▸ PROBLEM STATEMENT:
Look at every line of the material below and tally those containing "BuildPart". Reply with the total alone.

▸ EXTRACTED RECORDS:

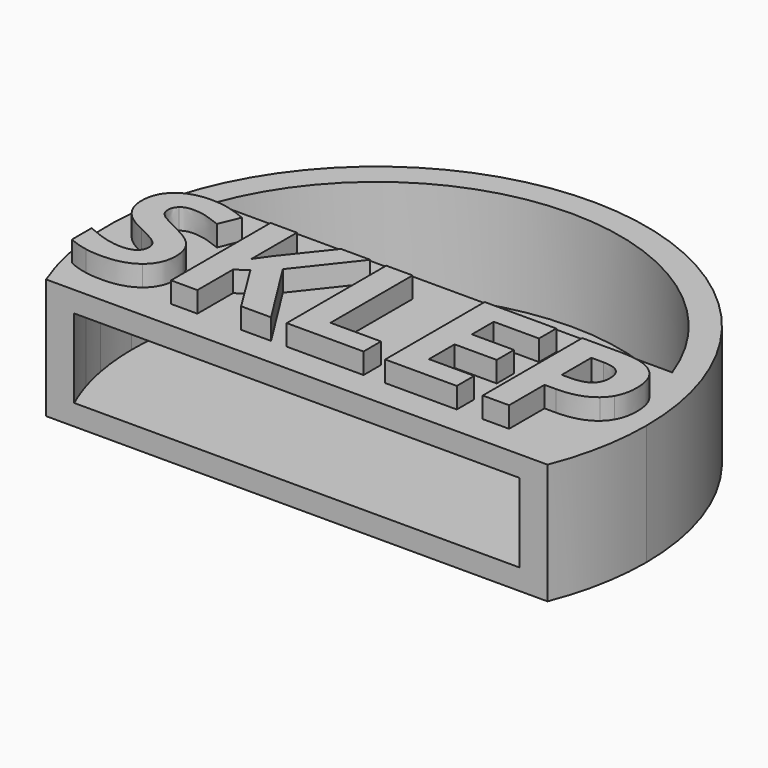
from build123d import *
from build123d import SkipClean  # not in build123d's __all__

# Parameters (mm, degrees)
F1_DEPTH = 5.8
F2_DEPTH = 6.8
F3_DEPTH = 4.8
F4_DEPTH = 1


with BuildPart() as f1:
    # F0 (on Top) → F1 (new body)
    with BuildSketch(Plane.XY):
        with BuildLine():
            ThreePointArc((-11.2352366102, -3.4397613744), (-11.0010890643, -4.1277765685), (-10.7248543114, -4.8))
            Line((-10.7248543114, -4.8), (10.7248543114, -4.8))
            ThreePointArc((10.7248543114, -4.8), (11.4520060458, -2.6294595504), (11.7445107181, -0.3591211385))
            add(Edge.make_bspline(
                [(11.7445107181, -0.3591211385), (11.6062328639, -0.5975122971), (11.3922086383, -0.7788061368)],
                knots=[0.6460850582, 0.6460850582, 0.6460850582, 1, 1, 1], degree=2))
            add(Edge.make_bspline(
                [(11.3922086383, -0.7788061368), (10.7874751266, -1.2910587101), (9.6724567211, -1.2910587101)],
                knots=[0, 0, 0, 1, 1, 1], degree=2))
            Line((9.6724567211, -1.2910587101), (9.1280653819, -1.2910587101))
            Line((9.1280653819, -1.2910587101), (9.1280653819, -3.4227115442))
            Line((9.1280653819, -3.4227115442), (7.8569443997, -3.4227115442))
            Line((7.8569443997, -3.4227115442), (7.8569443997, 2.570840332))
            Line((7.8569443997, 2.570840332), (9.7708406981, 2.570840332))
            add(Edge.make_bspline(
                [(9.7708406981, 2.570840332), (10.8622469491, 2.570840332), (11.4295945495, 2.1012208153)],
                knots=[0, 0, 0, 1, 1, 1], degree=2))
            add(Edge.make_bspline(
                [(11.4295945495, 2.1012208153), (11.5147201811, 2.0307584429), (11.5870734432, 1.9499305174)],
                knots=[0, 0, 0, 0.1500414058, 0.1500414058, 0.1500414058], degree=2))
            ThreePointArc((11.5870734432, 1.9499305174), (11.3639554223, 2.9871419718), (11.048189897, 4))
            Line((11.048189897, 4), (0, 4))
            Line((0, 4), (-11.048189897, 4))
            ThreePointArc((-11.048189897, 4), (-11.3300988619, 3.1130948875), (-11.5409335192, 2.2066611667))
            add(Edge.make_bspline(
                [(-11.5409335192, 2.2066611667), (-11.0025165801, 2.6561064453), (-10.0568101244, 2.6561064453)],
                knots=[0.0056134612, 0.0056134612, 0.0056134612, 1, 1, 1], degree=2))
            add(Edge.make_bspline(
                [(-10.0568101244, 2.6561064453), (-9.5898141805, 2.6561064453), (-9.1654512932, 2.5459163912)],
                knots=[0, 0, 0, 1, 1, 1], degree=2))
            add(Edge.make_bspline(
                [(-9.1654512932, 2.5459163912), (-8.7410884059, 2.435726337), (-8.278027821, 2.235023024)],
                knots=[0, 0, 0, 1, 1, 1], degree=2))
            Line((-8.278027821, 2.235023024), (-8.6873051652, 1.245936109))
            add(Edge.make_bspline(
                [(-8.6873051652, 1.245936109), (-9.1674189727, 1.4427040629), (-9.4809359126, 1.5207553513)],
                knots=[0, 0, 0, 1, 1, 1], degree=2))
            add(Edge.make_bspline(
                [(-9.4809359126, 1.5207553513), (-9.7944528525, 1.5988066397), (-10.0974755015, 1.5988066397)],
                knots=[0, 0, 0, 1, 1, 1], degree=2))
            add(Edge.make_bspline(
                [(-10.0974755015, 1.5988066397), (-10.4582167504, 1.5988066397), (-10.6510493452, 1.4308979857)],
                knots=[0, 0, 0, 1, 1, 1], degree=2))
            add(Edge.make_bspline(
                [(-10.6510493452, 1.4308979857), (-10.8438819401, 1.2629893317), (-10.8438819401, 0.9927613416)],
                knots=[0, 0, 0, 1, 1, 1], degree=2))
            add(Edge.make_bspline(
                [(-10.8438819401, 0.9927613416), (-10.8438819401, 0.8248526876), (-10.7658306517, 0.6995770903)],
                knots=[0, 0, 0, 1, 1, 1], degree=2))
            add(Edge.make_bspline(
                [(-10.7658306517, 0.6995770903), (-10.6877793633, 0.574301493), (-10.5179030297, 0.457552507)],
                knots=[0, 0, 0, 1, 1, 1], degree=2))
            add(Edge.make_bspline(
                [(-10.5179030297, 0.457552507), (-10.3480266962, 0.340803521), (-9.7131220982, 0.037780872)],
                knots=[0, 0, 0, 1, 1, 1], degree=2))
            add(Edge.make_bspline(
                [(-9.7131220982, 0.037780872), (-8.8722670419, -0.3649375404), (-8.5607177815, -0.7683118459)],
                knots=[0, 0, 0, 1, 1, 1], degree=2))
            add(Edge.make_bspline(
                [(-8.5607177815, -0.7683118459), (-8.2491685211, -1.1716861514), (-8.2491685211, -1.7580546541)],
                knots=[0, 0, 0, 1, 1, 1], degree=2))
            add(Edge.make_bspline(
                [(-8.2491685211, -1.7580546541), (-8.2491685211, -2.5700504105), (-8.8335693443, -3.0377022477)],
                knots=[0, 0, 0, 1, 1, 1], degree=2))
            add(Edge.make_bspline(
                [(-8.8335693443, -3.0377022477), (-9.4179701674, -3.5053540848), (-10.4582167504, -3.5053540848)],
                knots=[0, 0, 0, 1, 1, 1], degree=2))
            add(Edge.make_bspline(
                [(-10.4582167504, -3.5053540848), (-10.8669273339, -3.5053540848), (-11.2352366102, -3.4397613744)],
                knots=[0, 0, 0, 0.4256392724, 0.4256392724, 0.4256392724], degree=2))
        make_face()
        Polygon((-4.4489234379, -0.0815916867), (-2.3421945447, -3.4227115442), (-3.7851595401, -3.4227115442), (-5.3553678123, -0.8975228023), (-5.8918884333, -1.283187992), (-5.8918884333, -3.4227115442), (-7.1630094156, -3.4227115442), (-7.1630094156, 2.570840332), (-5.8918884333, 2.570840332), (-5.8918884333, -0.1721049455), (-5.3920978303, 0.5336361158), (-3.7681063174, 2.570840332), (-2.357935981, 2.570840332), align=None, mode=Mode.SUBTRACT)
        Polygon((2.1139437182, -3.4227115442), (-1.5879173881, -3.4227115442), (-1.5879173881, 2.570840332), (-0.3167964058, 2.570840332), (-0.3167964058, -2.3732824566), (2.1139437182, -2.3732824566), align=None, mode=Mode.SUBTRACT)
        Polygon((6.6068119992, -2.3732824566), (6.6068119992, -3.4227115442), (3.1555020876, -3.4227115442), (3.1555020876, 2.570840332), (6.6068119992, 2.570840332), (6.6068119992, 1.5292819626), (4.4266230698, 1.5292819626), (4.4266230698, 0.2135602441), (6.4559565678, 0.2135602441), (6.4559565678, -0.8279981252), (4.4266230698, -0.8279981252), (4.4266230698, -2.3732824566), align=None, mode=Mode.SUBTRACT)
        with BuildLine():
            ThreePointArc((12.0813906484, -4.8), (12.7682825476, -2.4435549483), (13, 0))
            ThreePointArc((13, 0), (-2.4435549483, 12.7682825476), (-12.0813906484, -4.8))
            Line((-12.0813906484, -4.8), (-10.7248543114, -4.8))
            ThreePointArc((-10.7248543114, -4.8), (-11.0010890643, -4.1277765685), (-11.2352366102, -3.4397613744))
            add(Edge.make_bspline(
                [(-11.2352366102, -3.4397613744), (-11.7322358244, -3.3512500943), (-12.1556682995, -3.1433010496)],
                knots=[0.4256392724, 0.4256392724, 0.4256392724, 1, 1, 1], degree=2))
            Line((-12.1556682995, -3.1433010496), (-12.1556682995, -1.9626933261))
            add(Edge.make_bspline(
                [(-12.1556682995, -1.9626933261), (-11.8188714135, -2.113595827), (-11.5393997189, -2.2146679495)],
                knots=[0, 0, 0, 0.5557288985, 0.5557288985, 0.5557288985], degree=2))
            ThreePointArc((-11.5393997189, -2.2146679495), (-11.6944490524, -1.1412104809), (-11.749856705, -0.0580294135))
            add(Edge.make_bspline(
                [(-11.749856705, -0.0580294135), (-11.8475051096, 0.069605704), (-11.9221703275, 0.2135602441)],
                knots=[0.5446501339, 0.5446501339, 0.5446501339, 1, 1, 1], degree=2))
            add(Edge.make_bspline(
                [(-11.9221703275, 0.2135602441), (-12.0861436224, 0.5297007567), (-12.0861436224, 0.9507841781)],
                knots=[0, 0, 0, 1, 1, 1], degree=2))
            add(Edge.make_bspline(
                [(-12.0861436224, 0.9507841781), (-12.0861436224, 1.7470384983), (-11.5469994287, 2.2015724718)],
                knots=[0, 0, 0, 1, 1, 1], degree=2))
            add(Edge.make_bspline(
                [(-11.5469994287, 2.2015724718), (-11.5439729637, 2.2041239807), (-11.5409335192, 2.2066611667)],
                knots=[0, 0, 0, 0.0056134612, 0.0056134612, 0.0056134612], degree=2))
            ThreePointArc((-11.5409335192, 2.2066611667), (-11.3300988619, 3.1130948875), (-11.048189897, 4))
            ThreePointArc((-11.048189897, 4), (0, 11.75), (11.048189897, 4))
            ThreePointArc((11.048189897, 4), (11.3639554223, 2.9871419718), (11.5870734432, 1.9499305174))
            add(Edge.make_bspline(
                [(11.5870734432, 1.9499305174), (11.99694215, 1.4920543096), (11.99694215, 0.7015447698)],
                knots=[0.1500414058, 0.1500414058, 0.1500414058, 1, 1, 1], degree=2))
            add(Edge.make_bspline(
                [(11.99694215, 0.7015447698), (11.99694215, 0.0760709018), (11.7445107181, -0.3591211385)],
                knots=[0, 0, 0, 0.6460850582, 0.6460850582, 0.6460850582], degree=2))
            ThreePointArc((11.7445107181, -0.3591211385), (11.4520060458, -2.6294595504), (10.7248543114, -4.8))
            Line((10.7248543114, -4.8), (12.0813906484, -4.8))
        make_face()
        with BuildLine():
            ThreePointArc((-11.749856705, -0.0580294135), (-11.6944490524, -1.1412104809), (-11.5393997189, -2.2146679495))
            add(Edge.make_bspline(
                [(-11.5393997189, -2.2146679495), (-11.3159792743, -2.2954689), (-11.1291954732, -2.3444231567)],
                knots=[0.5557288985, 0.5557288985, 0.5557288985, 1, 1, 1], degree=2))
            add(Edge.make_bspline(
                [(-11.1291954732, -2.3444231567), (-10.708767945, -2.4546132109), (-10.3598327734, -2.4546132109)],
                knots=[0, 0, 0, 1, 1, 1], degree=2))
            add(Edge.make_bspline(
                [(-10.3598327734, -2.4546132109), (-9.9426847111, -2.4546132109), (-9.7190251369, -2.2952311682)],
                knots=[0, 0, 0, 1, 1, 1], degree=2))
            add(Edge.make_bspline(
                [(-9.7190251369, -2.2952311682), (-9.4953655626, -2.1358491256), (-9.4953655626, -1.819708613)],
                knots=[0, 0, 0, 1, 1, 1], degree=2))
            add(Edge.make_bspline(
                [(-9.4953655626, -1.819708613), (-9.4953655626, -1.6439292408), (-9.5937495395, -1.5061916731)],
                knots=[0, 0, 0, 1, 1, 1], degree=2))
            add(Edge.make_bspline(
                [(-9.5937495395, -1.5061916731), (-9.6921335165, -1.3684541053), (-9.8829984318, -1.2418667216)],
                knots=[0, 0, 0, 1, 1, 1], degree=2))
            add(Edge.make_bspline(
                [(-9.8829984318, -1.2418667216), (-10.0738633471, -1.115279338), (-10.6602318497, -0.8358688434)],
                knots=[0, 0, 0, 1, 1, 1], degree=2))
            add(Edge.make_bspline(
                [(-10.6602318497, -0.8358688434), (-11.208558548, -0.5774469306), (-11.4833777903, -0.3400135995)],
                knots=[0, 0, 0, 1, 1, 1], degree=2))
            add(Edge.make_bspline(
                [(-11.4833777903, -0.3400135995), (-11.6330581274, -0.210695504), (-11.749856705, -0.0580294135)],
                knots=[0, 0, 0, 0.5446501339, 0.5446501339, 0.5446501339], degree=2))
        make_face()
    extrude(amount=F1_DEPTH)



with BuildPart() as f1b:
    # F0 (on Top) → F1, piece 2 (new body)
    with BuildSketch(Plane.XY):
        with BuildLine():
            Line((9.1280653819, 1.5292819626), (9.1280653819, -0.2495003407))
            Line((9.1280653819, -0.2495003407), (9.5465252306, -0.2495003407))
            add(Edge.make_bspline(
                [(9.5465252306, -0.2495003407), (10.1315819469, -0.2495003407), (10.4227985187, -0.0179700483)],
                knots=[0, 0, 0, 1, 1, 1], degree=2))
            add(Edge.make_bspline(
                [(10.4227985187, -0.0179700483), (10.7140150905, 0.2135602441), (10.7140150905, 0.6556322472)],
                knots=[0, 0, 0, 1, 1, 1], degree=2))
            add(Edge.make_bspline(
                [(10.7140150905, 0.6556322472), (10.7140150905, 1.1029513958), (10.4700228276, 1.3161166792)],
                knots=[0, 0, 0, 1, 1, 1], degree=2))
            add(Edge.make_bspline(
                [(10.4700228276, 1.3161166792), (10.2260305648, 1.5292819626), (9.7052513801, 1.5292819626)],
                knots=[0, 0, 0, 1, 1, 1], degree=2))
            Line((9.7052513801, 1.5292819626), (9.1280653819, 1.5292819626))
        make_face()
    extrude(amount=F1_DEPTH)


with BuildPart() as f1_1:
    add(f1.part, clean=False)

    add(f1b.part)  # F2 merges F1b
    # F0 (on Top) → F2 (join)
    with BuildSketch(Plane.XY):
        Polygon((-1.5879173881, 2.570840332), (-1.5879173881, -3.4227115442), (2.1139437182, -3.4227115442), (2.1139437182, -2.3732824566), (-0.3167964058, -2.3732824566), (-0.3167964058, 2.570840332), align=None)
        Polygon((3.1555020876, -3.4227115442), (6.6068119992, -3.4227115442), (6.6068119992, -2.3732824566), (4.4266230698, -2.3732824566), (4.4266230698, -0.8279981252), (6.4559565678, -0.8279981252), (6.4559565678, 0.2135602441), (4.4266230698, 0.2135602441), (4.4266230698, 1.5292819626), (6.6068119992, 1.5292819626), (6.6068119992, 2.570840332), (3.1555020876, 2.570840332), align=None)
        with BuildLine():
            add(Edge.make_bspline(
                [(11.7445107181, -0.3591211385), (11.6062328639, -0.5975122971), (11.3922086383, -0.7788061368)],
                knots=[0.6460850582, 0.6460850582, 0.6460850582, 1, 1, 1], degree=2))
            ThreePointArc((11.7445107181, -0.3591211385), (11.7486275994, -0.1795815444), (11.75, 0))
            ThreePointArc((11.75, 0), (11.7091975164, 0.9783626738), (11.5870734432, 1.9499305174))
            add(Edge.make_bspline(
                [(11.4295945495, 2.1012208153), (11.5147201811, 2.0307584429), (11.5870734432, 1.9499305174)],
                knots=[0, 0, 0, 0.1500414058, 0.1500414058, 0.1500414058], degree=2))
            add(Edge.make_bspline(
                [(9.7708406981, 2.570840332), (10.8622469491, 2.570840332), (11.4295945495, 2.1012208153)],
                knots=[0, 0, 0, 1, 1, 1], degree=2))
            Line((9.7708406981, 2.570840332), (7.8569443997, 2.570840332))
            Line((7.8569443997, 2.570840332), (7.8569443997, -3.4227115442))
            Line((7.8569443997, -3.4227115442), (9.1280653819, -3.4227115442))
            Line((9.1280653819, -3.4227115442), (9.1280653819, -1.2910587101))
            Line((9.1280653819, -1.2910587101), (9.6724567211, -1.2910587101))
            add(Edge.make_bspline(
                [(11.3922086383, -0.7788061368), (10.7874751266, -1.2910587101), (9.6724567211, -1.2910587101)],
                knots=[0, 0, 0, 1, 1, 1], degree=2))
        make_face()
        with BuildLine():
            Line((9.5465252306, -0.2495003407), (9.1280653819, -0.2495003407))
            Line((9.1280653819, -0.2495003407), (9.1280653819, 1.5292819626))
            Line((9.1280653819, 1.5292819626), (9.7052513801, 1.5292819626))
            add(Edge.make_bspline(
                [(10.4700228276, 1.3161166792), (10.2260305648, 1.5292819626), (9.7052513801, 1.5292819626)],
                knots=[0, 0, 0, 1, 1, 1], degree=2))
            add(Edge.make_bspline(
                [(10.7140150905, 0.6556322472), (10.7140150905, 1.1029513958), (10.4700228276, 1.3161166792)],
                knots=[0, 0, 0, 1, 1, 1], degree=2))
            add(Edge.make_bspline(
                [(10.4227985187, -0.0179700483), (10.7140150905, 0.2135602441), (10.7140150905, 0.6556322472)],
                knots=[0, 0, 0, 1, 1, 1], degree=2))
            add(Edge.make_bspline(
                [(9.5465252306, -0.2495003407), (10.1315819469, -0.2495003407), (10.4227985187, -0.0179700483)],
                knots=[0, 0, 0, 1, 1, 1], degree=2))
        make_face(mode=Mode.SUBTRACT)
        Polygon((-3.7851595401, -3.4227115442), (-2.3421945447, -3.4227115442), (-4.4489234379, -0.0815916867), (-2.357935981, 2.570840332), (-3.7681063174, 2.570840332), (-5.3920978303, 0.5336361158), (-5.8918884333, -0.1721049455), (-5.8918884333, 2.570840332), (-7.1630094156, 2.570840332), (-7.1630094156, -3.4227115442), (-5.8918884333, -3.4227115442), (-5.8918884333, -1.283187992), (-5.3553678123, -0.8975228023), align=None)
        with BuildLine():
            ThreePointArc((-11.5393997189, -2.2146679495), (-11.4037813227, -2.8313020934), (-11.2352366102, -3.4397613744))
            add(Edge.make_bspline(
                [(-10.4582167504, -3.5053540848), (-10.8669273339, -3.5053540848), (-11.2352366102, -3.4397613744)],
                knots=[0, 0, 0, 0.4256392724, 0.4256392724, 0.4256392724], degree=2))
            add(Edge.make_bspline(
                [(-8.8335693443, -3.0377022477), (-9.4179701674, -3.5053540848), (-10.4582167504, -3.5053540848)],
                knots=[0, 0, 0, 1, 1, 1], degree=2))
            add(Edge.make_bspline(
                [(-8.2491685211, -1.7580546541), (-8.2491685211, -2.5700504105), (-8.8335693443, -3.0377022477)],
                knots=[0, 0, 0, 1, 1, 1], degree=2))
            add(Edge.make_bspline(
                [(-8.5607177815, -0.7683118459), (-8.2491685211, -1.1716861514), (-8.2491685211, -1.7580546541)],
                knots=[0, 0, 0, 1, 1, 1], degree=2))
            add(Edge.make_bspline(
                [(-9.7131220982, 0.037780872), (-8.8722670419, -0.3649375404), (-8.5607177815, -0.7683118459)],
                knots=[0, 0, 0, 1, 1, 1], degree=2))
            add(Edge.make_bspline(
                [(-10.5179030297, 0.457552507), (-10.3480266962, 0.340803521), (-9.7131220982, 0.037780872)],
                knots=[0, 0, 0, 1, 1, 1], degree=2))
            add(Edge.make_bspline(
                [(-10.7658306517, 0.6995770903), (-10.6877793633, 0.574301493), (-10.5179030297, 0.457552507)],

▸ ANSWER FOR THE TASK:
3